Project 2
CS 481/681 2010, Dr. Lawlor
Project Requirements
There are four deliverables for this project: project topic, code
draft, presentation, and final code. Everything should be turned in
electronically via Blackboard (links to be provided from the main page).
- Describe your project topic in class on Tuesday, April 13.
Slides or pictures are not needed, but have about a paragraph-long
description ready, and be ready to answer questions about how you plan
to implement your topic!
- An executable code draft is due Thursday, April 22.
- The code should compile and run.
- It should basically do what you're trying to do.
- It doesn't have to be pretty, or have all the features working yet.
- A 10-minute in-class presentation on Tuesday, May 4. Show off your code, talk about your method, and so on.
- The final version of your code is due on Wednesday, May 12. This version should be polished and pretty.
This project can be done individually, or as part of a group. Note
that 681 students will be expected to complete more sophisticated
projects.Possible Topics (or pick your own!)
Choose any one of these topics, or make up your own topic. Remember
you've got under a month to finish your rough code draft, so keep it
simple! If these
seem too big, feel free to simplify them in your "topic" paper.
- Polish and improve your project1 topic, or a solution to any homework problem.
- Add any of these features to a raytracer:
- Build an attractive scene using some sort of textures.
- Add procedural texturing, such as polka dots or Perlin noise (see Ken Perlin's Java version, the same code explained, or a GLSL implementation).
- Add soft shadows, blurry reflection or refraction, or antialiasing; you can do this by taking multiple samples per pixel (see presentation or notes), or by blurring the geometry (see Parker et al paper)
- Switch to CPU-side computation, to allow true recursion, or
execution on crappy graphics cards. I heartily recommend porting
our existing GLSL raytracer to C++ using my C++ vec3 and mat4 classes
(osl/mat4.h in any of the example programs). A really really fast
CPU raytracer will still take several seconds per frame, so interactive
use is unlikely.
- Instead of a fixed hardcoded "reflect" parameter, use the Fresnel equations to adjust the reflectivity depending on both material properties and incidence angle.
- Implement reaction-diffusion textures (of any type), on the graphics card or off.

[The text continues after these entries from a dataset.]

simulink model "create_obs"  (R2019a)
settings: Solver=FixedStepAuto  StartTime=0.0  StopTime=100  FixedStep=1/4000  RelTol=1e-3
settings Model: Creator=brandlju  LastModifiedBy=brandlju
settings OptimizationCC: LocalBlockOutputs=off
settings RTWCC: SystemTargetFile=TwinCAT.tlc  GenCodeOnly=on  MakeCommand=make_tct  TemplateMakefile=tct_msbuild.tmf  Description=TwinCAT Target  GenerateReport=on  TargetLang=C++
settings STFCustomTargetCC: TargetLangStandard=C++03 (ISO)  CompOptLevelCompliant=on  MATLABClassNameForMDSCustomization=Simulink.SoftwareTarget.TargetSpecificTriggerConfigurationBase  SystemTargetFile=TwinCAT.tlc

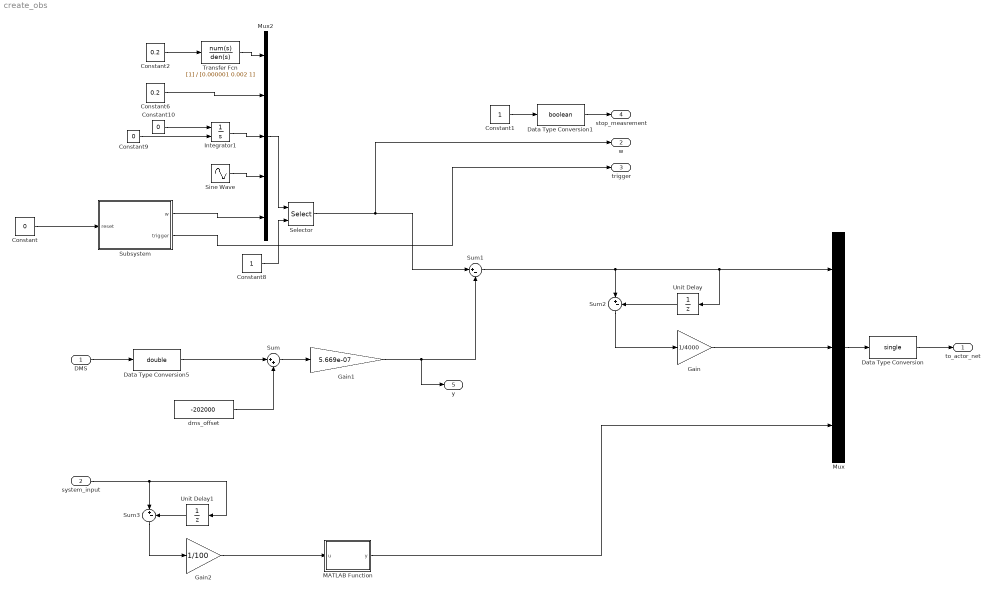
== system create_obs ==
  DMS : Inport  OutDataTypeStr=int32
  system_input : Inport  Port=2
  Constant : Constant  Value=0
  Constant1 : Constant
  Constant10 : Constant  Value=0
  Constant2 : Constant  Value=0.2
  Constant6 : Constant  Value=0.2
  Constant8 : Constant
  Constant9 : Constant  Value=0
  Data Type Conversion : DataTypeConversion  OutDataTypeStr=single
  Data Type Conversion1 : DataTypeConversion  OutDataTypeStr=boolean
  Data Type Conversion5 : DataTypeConversion  OutDataTypeStr=double
  Gain : Gain  Gain=1/4000
  Gain1 : Gain  Gain=5.669e-07
  Gain2 : Gain  Gain=1/100
  Integrator1 : Integrator  ExternalReset=either
  MATLAB Function : MATLAB Function  TreatAsAtomicUnit=on
  Mux : Mux  Inputs=3
  Mux2 : Mux  Inputs=5
  Selector : Selector  InputPortWidth=5  IndexOptions=Index vector (port)  Indices=[1 3]  OutputSizes=1
  Sine Wave : Sin  Amplitude=0.5  Bias=0.5  Frequency=0.1  SampleTime=0
  Subsystem : Subsystem
  Sum : Sum  Inputs=|++
  Sum1 : Sum  Inputs=|+-
  Sum2 : Sum  Inputs=|+-
  Sum3 : Sum  Inputs=|+-
  Transfer Fcn : TransferFcn  Denominator=[0.000001 0.002 1]
  Unit Delay : UnitDelay  SampleTime=-1  HasFrameUpgradeWarning=on
  Unit Delay1 : UnitDelay  SampleTime=-1  HasFrameUpgradeWarning=on
  "dms_offset " : Constant  Value=-202000
  to_actor_net : Outport  OutDataTypeStr=single
  w : Outport  Port=2
  trigger : Outport  Port=3
  stop_measrement : Outport  Port=4  OutDataTypeStr=boolean
  y : Outport  Port=5
  wires:
  "dms_offset "/1 -> Sum/2
  Data Type Conversion5/1 -> Sum/1
  Sum/1 -> Gain1/1
  DMS/1 -> Data Type Conversion5/1
  Gain1/1 -> y/1, Sum1/2
  Selector/1 -> w/1, Sum1/1
  Sum1/1 -> Sum2/1, Unit Delay/1, Mux/1
  Unit Delay/1 -> Sum2/2
  Gain/1 -> Mux/2
  Sum2/1 -> Gain/1
  Gain2/1 -> MATLAB Function/1(u)
  Sum3/1 -> Gain2/1
  system_input/1 -> Sum3/1, Unit Delay1/1
  Unit Delay1/1 -> Sum3/2
  MATLAB Function/1(y) -> Mux/3
  Mux/1 -> Data Type Conversion/1
  Data Type Conversion/1 -> to_actor_net/1
  Constant6/1 -> Mux2/2
  Sine Wave/1 -> Mux2/4
  Constant9/1 -> Integrator1/2
  Constant10/1 -> Integrator1/1
  Constant8/1 -> Selector/2
  Integrator1/1 -> Mux2/3
  Mux2/1 -> Selector/1
  Constant2/1 -> Transfer Fcn/1
  Transfer Fcn/1 -> Mux2/1
  Subsystem/1(w) -> Mux2/5
  Constant/1 -> Subsystem/1(reset)
  Data Type Conversion1/1 -> stop_measrement/1
  Constant1/1 -> Data Type Conversion1/1
  Subsystem/2(trigger) -> trigger/1

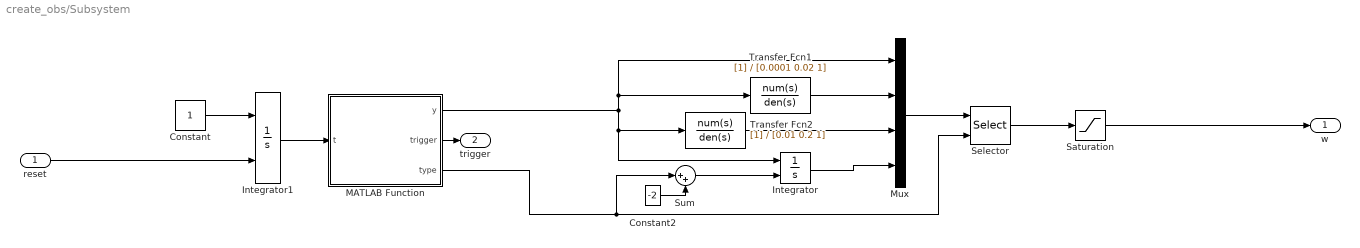
== system create_obs/Subsystem ==
  reset : Inport
  Constant : Constant
  Constant2 : Constant  Value=-2
  Integrator : Integrator  ExternalReset=rising
  Integrator1 : Integrator  ExternalReset=either
  MATLAB Function : MATLAB Function  TreatAsAtomicUnit=on
  Mux : Mux
  Saturation : Saturate  UpperLimit=1  LowerLimit=0.1
  Selector : Selector  IndexMode=Zero-based  InputPortWidth=4  IndexOptions=Index vector (port)  Indices=[1 3]  OutputSizes=1
  Sum : Sum  Inputs=|++
  Transfer Fcn1 : TransferFcn  Denominator=[0.0001 0.02 1]
  Transfer Fcn2 : TransferFcn  Denominator=[0.01 0.2 1]
  w : Outport
  trigger : Outport  Port=2
  wires:
  MATLAB Function/3(type) -> Sum/1, Selector/2
  MATLAB Function/1(y) -> Transfer Fcn1/1, Mux/1, Integrator/1, Transfer Fcn2/1
  Sum/1 -> Integrator/2
  Transfer Fcn2/1 -> Mux/3
  Integrator/1 -> Mux/4
  Mux/1 -> Selector/1
  Constant2/1 -> Sum/2
  Selector/1 -> Saturation/1
  Transfer Fcn1/1 -> Mux/2
  Constant/1 -> Integrator1/1
  Integrator1/1 -> MATLAB Function/1(t)
  reset/1 -> Integrator1/2
  MATLAB Function/2(trigger) -> trigger/1
  Saturation/1 -> w/1

== matlab function create_obs/Subsystem/MATLAB Function ==
  data: t input; y output; trigger output; type output
function [y, trigger, type] = fcn(t)
y = 0;
type = 0;
%% set trigger
if t > 1
    trigger = 1;
else
    trigger = 0;
end

%% steps
if t < 3
    y = 0.1;
    type = 0;
    return
elseif t < 5
    y = 0.11;
    type = 0;
    return
elseif t < 7
    y = 0.115;
    type = 0;
return
elseif t < 9
    y = 0.3;
    type = 0;
return
elseif t < 11
    y = 0.9;
    type = 0;
return
elseif t < 13
    y = 0.95;
    type = 0;
elseif t < 15
    y = 0.96;
    type = 0;
return
elseif t < 17
    y = 0.965;
    type = 0;
return
elseif t < 19
    y = 0.1;
    type = 0;
return


%% pt2 fast
elseif t < 24
    y = 0.1;
    type = 1;
    return
elseif t < 26
    y = 0.11;
    type = 1;
    return
elseif t < 28
    y = 0.115;
    type = 1;
return
elseif t < 30
    y = 0.3;
    type = 1;
return
elseif t < 32
    y = 0.9;
    type = 1;
return
elseif t < 34
    y = 0.95;
    type = 1;
elseif t < 36
    y = 0.96;
    type = 1;
return
elseif t < 38
    y = 0.965;
    type = 1;
return
elseif t < 40
    y = 0.1;
    type = 1;
return

%% pt2 slow
elseif t < 45
    y = 0.1;
    type = 2;
    return
elseif t < 47
    y = 0.11;
    type = 2;
    return
elseif t < 49
    y = 0.115;
    type = 2;
return
elseif t < 51
    y = 0.3;
    type = 2;
return
elseif t < 53
    y = 0.9;
    type = 2;
return
elseif t < 55
    y = 0.95;
    type = 2;
elseif t < 57
    y = 0.96;
    type = 2;
return
elseif t < 59
    y = 0.965;
    type = 2;
return
elseif t < 61
    y = 0.1;
    type = 2;
return

%% ramps
elseif t < 65
    y = 0.0;
    type = 3;
    return
elseif t < 66
    y = 0.0;
    type = 3;
    return
elseif t < 67
    y = +0.1;
    type = 3;
    return
elseif t < 68
    y = 0.0;
    type = 3;
    return
elseif t < 69
    y = +0.2;
    type = 3;
return
elseif t < 70
    y = 0.0;
    type = 3;
    return
elseif t < 71
    y = +0.01;
    type = 3;
return
elseif t < 72
    y = 0.0;
    type = 3;
    return
elseif t < 73
    y = 0.6;
    type = 3;
return
elseif t < 74
    y = 0.0;
    type = 3;
    return
elseif t < 75
    y = 0.0;
    type = 3;
elseif t < 77
    y = +0.001;
    type = 3;
return
elseif t < 76
    y = 0.0;
    type = 3;
    return
elseif t < 77
    y = -0.8;
    type = 3;
return
elseif t < 78
    y = -0.8;
    type = 3;
    return
elseif t < 79
    y = 0.0;
    type = 3;
return



end

end

== matlab function create_obs/MATLAB Function ==
  settings: updateMethod=DISCRETE
  data: u input; y output
function y = fcn(u)
persistent out
if isempty(out)
   out = u; 
end
if u ~= 0
   out = u; 
end

y = out;

- Implement any type of cellular automata (e.g., Conway's Game of
Life). These are fun to write on the graphics card using a pixel shader!
- Do anything
interesting with textures. For example, make up a 3D texture for
some real surface, like tree bark. Write up a new and nice interface to read
a 2D texture from a file. Blend 2D textures on the CPU or GPU to
create new textures.
- Implement
a walkthrough of a city model of reasonable size. Must include at
least textured ground, several multistory buildings, and some
freestanding foliage.
- Draw a cool scene of your choice. For example, a
volume-rendered smoking volcano, a particle-system fireworks show, an
animating "bullet-time" shot.
- Draw a pretty tree or other foliage or interesting 3D shape.
- Do something cool on the powerwall. For example, build a way to
tile large images in memory for fast display, or figure out how to hook the powerwall up
to a dozen mice, etc.
- Do anything interesting with 3D models. For example, read in
a 3D model from a text file, squish the center of a 3D model by doing a
nonlinear calculation on its coordinates, etc.
- Implement
any mesh simplification, subdivision, modification, or smoothing method, including
Garland's Quadric Mesh Simplification, Lindstrom's
Terrain Simplification, Taubin Smoothing, or any of the various
subdivision schemes. You can also find and call a library to do
any of these, but be aware that this is often harder than just
implementing the method yourself!
- Implement any interesting surface shader on the graphics
card. "Interesting" here could mean an anisotropic (e.g., velvet)
shader, a fur shader, a nonphotorealistic (e.g., cartoon) shader, or a
subsurface scattering shader.
- Implement
or fake any form of global illumination: Radiosity, Jensen's Photon
Maps, Precomputed Radiance Transfer, "Radiance"-style raytracing, or make up your own.
- Implement display-time Constructive Solid Geometry (CSG) on
the
graphics hardware using backface culling and the Z buffer. You
must use CSG
to build and display at least one interesting (possibly hardcoded)
object containing: at least one intersection or subtraction, and at
least one union. This actually isn't as hard as it sounds as long
as the primitive shapes are convex. (Google, Goldfeather's Algorithm Paper).
- Implement any flavor of quality shadows for a moving (possibly
hardcoded) object. We'll be looking at both shadow maps and
shadow volumes, so those would be good choices. Note that painfully fake shadows (e.g., the really easy shadows that are
only cast onto a flat floor) are not acceptable.